WHAT TO WORK ON:
In how many lines of the data does the word "system" appear? Give the number by itself.

(Saved entries)
%%

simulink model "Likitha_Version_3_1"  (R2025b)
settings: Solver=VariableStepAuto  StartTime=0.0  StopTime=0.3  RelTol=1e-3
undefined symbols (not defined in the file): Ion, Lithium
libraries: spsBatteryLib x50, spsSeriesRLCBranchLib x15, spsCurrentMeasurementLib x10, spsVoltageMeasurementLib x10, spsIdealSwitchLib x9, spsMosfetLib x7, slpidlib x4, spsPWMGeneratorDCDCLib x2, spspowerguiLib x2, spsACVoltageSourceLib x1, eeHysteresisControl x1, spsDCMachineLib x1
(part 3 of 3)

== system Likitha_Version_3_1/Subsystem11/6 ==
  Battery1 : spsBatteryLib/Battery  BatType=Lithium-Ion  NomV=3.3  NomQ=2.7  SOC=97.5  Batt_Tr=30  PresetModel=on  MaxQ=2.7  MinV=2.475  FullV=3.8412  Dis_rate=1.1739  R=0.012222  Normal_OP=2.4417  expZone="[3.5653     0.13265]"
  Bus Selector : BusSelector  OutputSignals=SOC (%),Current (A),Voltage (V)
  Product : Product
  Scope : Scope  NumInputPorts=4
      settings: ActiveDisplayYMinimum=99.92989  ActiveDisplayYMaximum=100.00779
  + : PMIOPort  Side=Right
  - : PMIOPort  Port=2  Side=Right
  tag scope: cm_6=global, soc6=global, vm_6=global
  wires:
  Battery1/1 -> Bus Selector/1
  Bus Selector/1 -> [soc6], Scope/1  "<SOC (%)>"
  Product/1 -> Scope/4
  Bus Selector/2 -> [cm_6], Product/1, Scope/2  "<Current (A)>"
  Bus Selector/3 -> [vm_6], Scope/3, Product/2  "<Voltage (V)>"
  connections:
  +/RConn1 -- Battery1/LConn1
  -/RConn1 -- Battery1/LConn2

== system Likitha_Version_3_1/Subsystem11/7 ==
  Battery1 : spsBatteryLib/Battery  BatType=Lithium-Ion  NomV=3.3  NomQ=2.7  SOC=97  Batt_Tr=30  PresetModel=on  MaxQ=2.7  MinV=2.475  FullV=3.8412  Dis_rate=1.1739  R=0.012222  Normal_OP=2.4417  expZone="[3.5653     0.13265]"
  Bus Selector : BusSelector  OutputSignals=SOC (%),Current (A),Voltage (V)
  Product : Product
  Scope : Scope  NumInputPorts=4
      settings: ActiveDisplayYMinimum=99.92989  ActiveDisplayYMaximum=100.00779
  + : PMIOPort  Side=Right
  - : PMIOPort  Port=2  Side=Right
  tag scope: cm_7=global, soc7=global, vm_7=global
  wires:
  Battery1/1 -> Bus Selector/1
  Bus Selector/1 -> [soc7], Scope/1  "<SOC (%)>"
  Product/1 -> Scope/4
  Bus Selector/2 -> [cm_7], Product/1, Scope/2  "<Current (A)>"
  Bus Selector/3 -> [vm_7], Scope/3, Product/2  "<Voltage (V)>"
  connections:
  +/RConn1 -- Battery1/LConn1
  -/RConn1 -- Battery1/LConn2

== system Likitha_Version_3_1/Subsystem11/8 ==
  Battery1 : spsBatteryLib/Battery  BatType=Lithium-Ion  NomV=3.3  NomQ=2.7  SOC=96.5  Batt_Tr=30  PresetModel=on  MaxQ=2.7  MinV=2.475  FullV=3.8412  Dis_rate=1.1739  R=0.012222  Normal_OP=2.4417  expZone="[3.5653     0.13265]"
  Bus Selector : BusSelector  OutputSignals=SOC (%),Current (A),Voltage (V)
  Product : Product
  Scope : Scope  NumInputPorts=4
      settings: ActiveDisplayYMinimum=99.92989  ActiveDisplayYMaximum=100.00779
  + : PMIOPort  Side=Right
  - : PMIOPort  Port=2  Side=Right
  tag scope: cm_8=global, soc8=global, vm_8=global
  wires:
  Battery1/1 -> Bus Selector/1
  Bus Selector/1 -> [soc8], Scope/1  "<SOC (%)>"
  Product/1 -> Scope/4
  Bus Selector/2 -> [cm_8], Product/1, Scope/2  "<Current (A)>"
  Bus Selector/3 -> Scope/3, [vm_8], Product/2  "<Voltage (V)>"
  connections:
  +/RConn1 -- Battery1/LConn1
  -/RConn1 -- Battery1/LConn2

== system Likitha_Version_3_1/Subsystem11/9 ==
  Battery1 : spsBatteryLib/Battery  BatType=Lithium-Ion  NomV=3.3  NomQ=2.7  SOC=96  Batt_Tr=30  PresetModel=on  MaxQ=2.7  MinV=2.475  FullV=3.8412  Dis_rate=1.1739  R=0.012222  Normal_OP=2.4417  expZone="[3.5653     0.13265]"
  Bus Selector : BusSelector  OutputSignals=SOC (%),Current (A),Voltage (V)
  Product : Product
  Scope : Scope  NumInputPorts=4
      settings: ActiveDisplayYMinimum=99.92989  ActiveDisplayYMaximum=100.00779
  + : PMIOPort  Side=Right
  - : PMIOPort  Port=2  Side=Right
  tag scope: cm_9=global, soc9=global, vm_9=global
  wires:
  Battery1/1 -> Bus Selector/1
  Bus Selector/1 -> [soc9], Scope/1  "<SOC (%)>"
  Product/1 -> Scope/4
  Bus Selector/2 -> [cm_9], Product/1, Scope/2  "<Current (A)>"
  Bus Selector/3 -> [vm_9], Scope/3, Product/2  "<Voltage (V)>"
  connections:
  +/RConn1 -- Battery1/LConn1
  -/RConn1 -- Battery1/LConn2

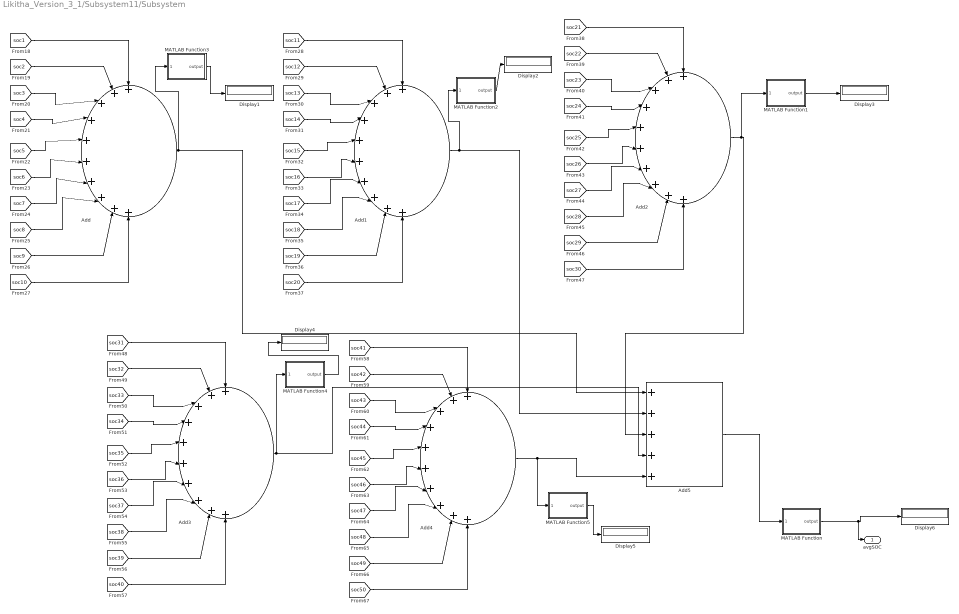
== system Likitha_Version_3_1/Subsystem11/Subsystem ==
  Add{,1..4} (5 alike) : Sum  Inputs=++++++++++
  Add5 : Sum  Inputs=+++++
  Display{1..6} (6 alike) : Display
  MATLAB Function : MATLAB Function  TreatAsAtomicUnit=on
  MATLAB Function1 : MATLAB Function  TreatAsAtomicUnit=on
  MATLAB Function2 : MATLAB Function  TreatAsAtomicUnit=on
  MATLAB Function3 : MATLAB Function  TreatAsAtomicUnit=on
  MATLAB Function4 : MATLAB Function  TreatAsAtomicUnit=on
  MATLAB Function5 : MATLAB Function  TreatAsAtomicUnit=on
  avgSOC : Outport
  wires:
  [soc16] -> Add1/6
  [soc31] -> Add3/1
  [soc42] -> Add4/2
  [soc6] -> Add/6
  Add3/1 -> MATLAB Function4/1(inputValue), Add5/4
  [soc33] -> Add3/3
  [soc12] -> Add1/2
  [soc50] -> Add4/10
  [soc1] -> Add/1
  [soc13] -> Add1/3
  [soc39] -> Add3/9
  Add2/1 -> MATLAB Function1/1(inputValue), Add5/3
  [soc28] -> Add2/8
  [soc3] -> Add/3
  [soc17] -> Add1/7
  [soc36] -> Add3/6
  [soc2] -> Add/2
  [soc45] -> Add4/5
  [soc49] -> Add4/9
  [soc27] -> Add2/7
  [soc48] -> Add4/8
  [soc15] -> Add1/5
  [soc20] -> Add1/10
  [soc43] -> Add4/3
  [soc26] -> Add2/6
  Add1/1 -> MATLAB Function2/1(inputValue), Add5/2
  [soc41] -> Add4/1
  [soc46] -> Add4/6
  [soc14] -> Add1/4
  [soc24] -> Add2/4
  [soc22] -> Add2/2
  [soc44] -> Add4/4
  [soc47] -> Add4/7
  [soc38] -> Add3/8
  [soc21] -> Add2/1
  [soc18] -> Add1/8
  [soc7] -> Add/7
  [soc19] -> Add1/9
  [soc9] -> Add/9
  [soc40] -> Add3/10
  [soc4] -> Add/4
  [soc11] -> Add1/1
  [soc35] -> Add3/5
  [soc8] -> Add/8
  Add/1 -> Add5/1, MATLAB Function3/1(inputValue)
  [soc5] -> Add/5
  [soc37] -> Add3/7
  [soc29] -> Add2/9
  Add4/1 -> MATLAB Function5/1(inputValue), Add5/5
  [soc34] -> Add3/4
  [soc32] -> Add3/2
  [soc10] -> Add/10
  [soc25] -> Add2/5
  [soc30] -> Add2/10
  [soc23] -> Add2/3
  Add5/1 -> MATLAB Function/1(inputValue)
  MATLAB Function/1(output) -> avgSOC/1, Display6/1
  MATLAB Function1/1(output) -> Display3/1
  MATLAB Function2/1(output) -> Display2/1
  MATLAB Function3/1(output) -> Display1/1
  MATLAB Function4/1(output) -> Display4/1
  MATLAB Function5/1(output) -> Display5/1

== system Likitha_Version_3_1/AC to DC/Subsystem1/Subsystem ==
  Iref : Inport
  Clock : Clock
  Constant : Constant  Value=2*pi/3
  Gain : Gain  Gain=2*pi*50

%%

REPLY:
6